This Action LED is great. The time from ordering and getting my hands on a light (x2 refurb) and accessories is on par with the best online sites. The x2 looks so badass on my new mid fat. Perfectly centered on the bars. Wery happy!


----------



## tigris99 (Aug 26, 2012)

Now that my desktop is back up and running (new motherboard/CPU/Ram and ditched windows for Ubuntu, so much better than it ever was) as requested, the run time graph for the X2. Maybe at some point when I have extra money to burn ill grab an XS since gloworm has become a "standard" to compare all other lights to.









*sorry, 2 attachments cause I didnt like the range on the first one and cant get rid of the first one.


----------



## Flamingtaco (Mar 12, 2012)

irv_usc said:


> if buying an XS for bars, should I go with an X2 or will an X1 be enough for the helmet?
> 
> will probably get wide optics for the bar.


If you want the helmet light to 'keep up' with the XS, ex. assist in the illumination of your path when the XS is at higher output levels, get an X2. If you only want the helmet light to illuminate objects off the path, ex. catching errant branches, looking off trail, etc. the X1 gets the job done.

At these prices, I'd recommend shooting high.

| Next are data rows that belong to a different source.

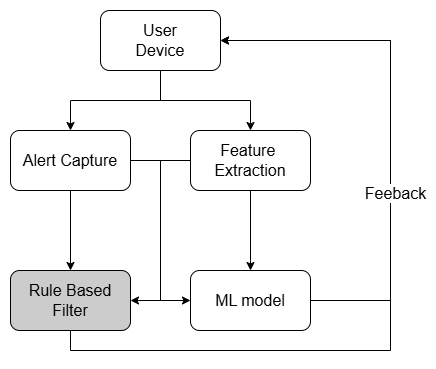

The diagram above was exported from draw.io. Its source (the exported page's mxGraphModel, read from the mxfile embedded in the PNG):
<mxGraphModel dx="448" dy="1288" grid="1" gridSize="10" guides="1" tooltips="1" connect="1" arrows="1" fold="1" page="1" pageScale="1" pageWidth="827" pageHeight="1169" math="0" shadow="0">
  <root>
    <mxCell id="0" />
    <mxCell id="1" parent="0" />
    <mxCell id="HSUXZx1vjYunuvioCZUY-3" value="" style="edgeStyle=orthogonalEdgeStyle;rounded=0;orthogonalLoop=1;jettySize=auto;html=1;fontSize=16;" edge="1" parent="1" source="HSUXZx1vjYunuvioCZUY-1" target="HSUXZx1vjYunuvioCZUY-2">
      <mxGeometry relative="1" as="geometry" />
    </mxCell>
    <mxCell id="HSUXZx1vjYunuvioCZUY-5" style="edgeStyle=orthogonalEdgeStyle;rounded=0;orthogonalLoop=1;jettySize=auto;html=1;exitX=0.5;exitY=1;exitDx=0;exitDy=0;entryX=0.5;entryY=0;entryDx=0;entryDy=0;fontSize=16;" edge="1" parent="1" source="HSUXZx1vjYunuvioCZUY-1" target="HSUXZx1vjYunuvioCZUY-4">
      <mxGeometry relative="1" as="geometry" />
    </mxCell>
    <mxCell id="HSUXZx1vjYunuvioCZUY-1" value="User&lt;div&gt;Device&lt;/div&gt;" style="rounded=1;whiteSpace=wrap;html=1;fontSize=16;" vertex="1" parent="1">
      <mxGeometry x="100" y="90" width="120" height="60" as="geometry" />
    </mxCell>
    <mxCell id="HSUXZx1vjYunuvioCZUY-7" value="" style="edgeStyle=orthogonalEdgeStyle;rounded=0;orthogonalLoop=1;jettySize=auto;html=1;fontSize=16;" edge="1" parent="1" source="HSUXZx1vjYunuvioCZUY-2" target="HSUXZx1vjYunuvioCZUY-6">
      <mxGeometry relative="1" as="geometry" />
    </mxCell>
    <mxCell id="HSUXZx1vjYunuvioCZUY-10" style="edgeStyle=orthogonalEdgeStyle;rounded=0;orthogonalLoop=1;jettySize=auto;html=1;exitX=1;exitY=0.5;exitDx=0;exitDy=0;entryX=0;entryY=0.5;entryDx=0;entryDy=0;fontSize=16;" edge="1" parent="1" source="HSUXZx1vjYunuvioCZUY-2" target="HSUXZx1vjYunuvioCZUY-8">
      <mxGeometry relative="1" as="geometry" />
    </mxCell>
    <mxCell id="HSUXZx1vjYunuvioCZUY-2" value="Alert Capture" style="whiteSpace=wrap;html=1;rounded=1;fontSize=16;" vertex="1" parent="1">
      <mxGeometry x="10" y="210" width="120" height="60" as="geometry" />
    </mxCell>
    <mxCell id="HSUXZx1vjYunuvioCZUY-9" value="" style="edgeStyle=orthogonalEdgeStyle;rounded=0;orthogonalLoop=1;jettySize=auto;html=1;fontSize=16;" edge="1" parent="1" source="HSUXZx1vjYunuvioCZUY-4" target="HSUXZx1vjYunuvioCZUY-8">
      <mxGeometry relative="1" as="geometry" />
    </mxCell>
    <mxCell id="HSUXZx1vjYunuvioCZUY-11" style="edgeStyle=orthogonalEdgeStyle;rounded=0;orthogonalLoop=1;jettySize=auto;html=1;exitX=0;exitY=0.5;exitDx=0;exitDy=0;entryX=1;entryY=0.5;entryDx=0;entryDy=0;fontSize=16;" edge="1" parent="1" source="HSUXZx1vjYunuvioCZUY-4" target="HSUXZx1vjYunuvioCZUY-6">
      <mxGeometry relative="1" as="geometry" />
    </mxCell>
    <mxCell id="HSUXZx1vjYunuvioCZUY-4" value="Feature&amp;nbsp;&lt;div&gt;Extraction&lt;/div&gt;" style="whiteSpace=wrap;html=1;rounded=1;fontSize=16;" vertex="1" parent="1">
      <mxGeometry x="190" y="210" width="120" height="60" as="geometry" />
    </mxCell>
    <mxCell id="HSUXZx1vjYunuvioCZUY-12" style="edgeStyle=orthogonalEdgeStyle;rounded=0;orthogonalLoop=1;jettySize=auto;html=1;exitX=0.5;exitY=1;exitDx=0;exitDy=0;entryX=1;entryY=0.5;entryDx=0;entryDy=0;fontSize=16;" edge="1" parent="1" source="HSUXZx1vjYunuvioCZUY-6" target="HSUXZx1vjYunuvioCZUY-1">
      <mxGeometry relative="1" as="geometry">
        <Array as="points">
          <mxPoint x="70" y="430" />
          <mxPoint x="390" y="430" />
          <mxPoint x="390" y="120" />
        </Array>
      </mxGeometry>
    </mxCell>
    <mxCell id="HSUXZx1vjYunuvioCZUY-6" value="Rule Based&lt;div&gt;Filter&lt;/div&gt;" style="whiteSpace=wrap;html=1;rounded=1;fillColor=#CCCCCC;fontSize=16;" vertex="1" parent="1">
      <mxGeometry x="10" y="350" width="120" height="60" as="geometry" />
    </mxCell>
    <mxCell id="HSUXZx1vjYunuvioCZUY-13" style="edgeStyle=orthogonalEdgeStyle;rounded=0;orthogonalLoop=1;jettySize=auto;html=1;exitX=1;exitY=0.5;exitDx=0;exitDy=0;entryX=1;entryY=0.5;entryDx=0;entryDy=0;fontSize=16;" edge="1" parent="1" source="HSUXZx1vjYunuvioCZUY-8" target="HSUXZx1vjYunuvioCZUY-1">
      <mxGeometry relative="1" as="geometry">
        <Array as="points">
          <mxPoint x="390" y="380" />
          <mxPoint x="390" y="120" />
        </Array>
      </mxGeometry>
    </mxCell>
    <mxCell id="HSUXZx1vjYunuvioCZUY-14" value="Feeback" style="edgeLabel;html=1;align=center;verticalAlign=middle;resizable=0;points=[];fontSize=16;" vertex="1" connectable="0" parent="HSUXZx1vjYunuvioCZUY-13">
      <mxGeometry x="-0.2627" y="-4" relative="1" as="geometry">
        <mxPoint as="offset" />
      </mxGeometry>
    </mxCell>
    <mxCell id="HSUXZx1vjYunuvioCZUY-8" value="ML model" style="whiteSpace=wrap;html=1;rounded=1;fontSize=16;" vertex="1" parent="1">
      <mxGeometry x="190" y="350" width="120" height="60" as="geometry" />
    </mxCell>
  </root>
</mxGraphModel>

All of these lamps are ridiculously light. I don't notice my X2 on my helmet, the two-cell battery has all the weight.


----------



## Flamingtaco (Mar 12, 2012)

Action LED Lights said:


> Forgive the self promotion but I thought folks on the forum might be interested in this.


Understatement of the year... These deals are awesome!

I ordered an X1 to fill out my Gloworm stable. Are you sure you have units with scratches? The housing is perfect, the cables are perfect, only the lens cover appeared to have been used, but it turned out to only be that dust that gets left behind when you use a paper product to clean glass/plastic. One wipe with a microfiber... perfect.

Arrived with two butt-loads of zip-ties, the new metal go pro mount (Awesome! The plastic one with my X2 broke at the nut before I could use it, only issue I've ever had), and an extra switch mount. Opening my orders from you is as fun as Christmas day.

Shipped immediately, arrived in a few days, great packaging. Excellent service as always! Thanks!


----------



## Dirt Road (Feb 6, 2016)

Awesome graph tigress. What caused the jump in output at the 70min mark? Excuse my noobishness!


----------



## tigris99 (Aug 26, 2012)

It wasn't a jump, just that was the peak before it started to go back down. At 5 minute intervals (my set up takes measurements at 1 minute intervals, but I only record the 5 minute intervals) it looks steeper than it is. It's a much smoother line if I was to type out all the data at 1min intervals.

I'm not 100% sure. Every light I test does the same thing. But here's what I do know:

-Voltage coming in is very close to driver requirement + vF of the emitters. So maximum driver efficiency at that point, no step down in voltage needed from the driver.
-since the driver isnt having to step down the voltage, it's generating little heat. Much less than at full charge.
- less heat means the case only has to manage the heat generated by the emitters so the emitters cool down as the heat is being dissipated better.
-emitter output is a direct function of their temperature. The hotter they get, the lower their output is. So since they start running cooler (reason state above) the output goes up.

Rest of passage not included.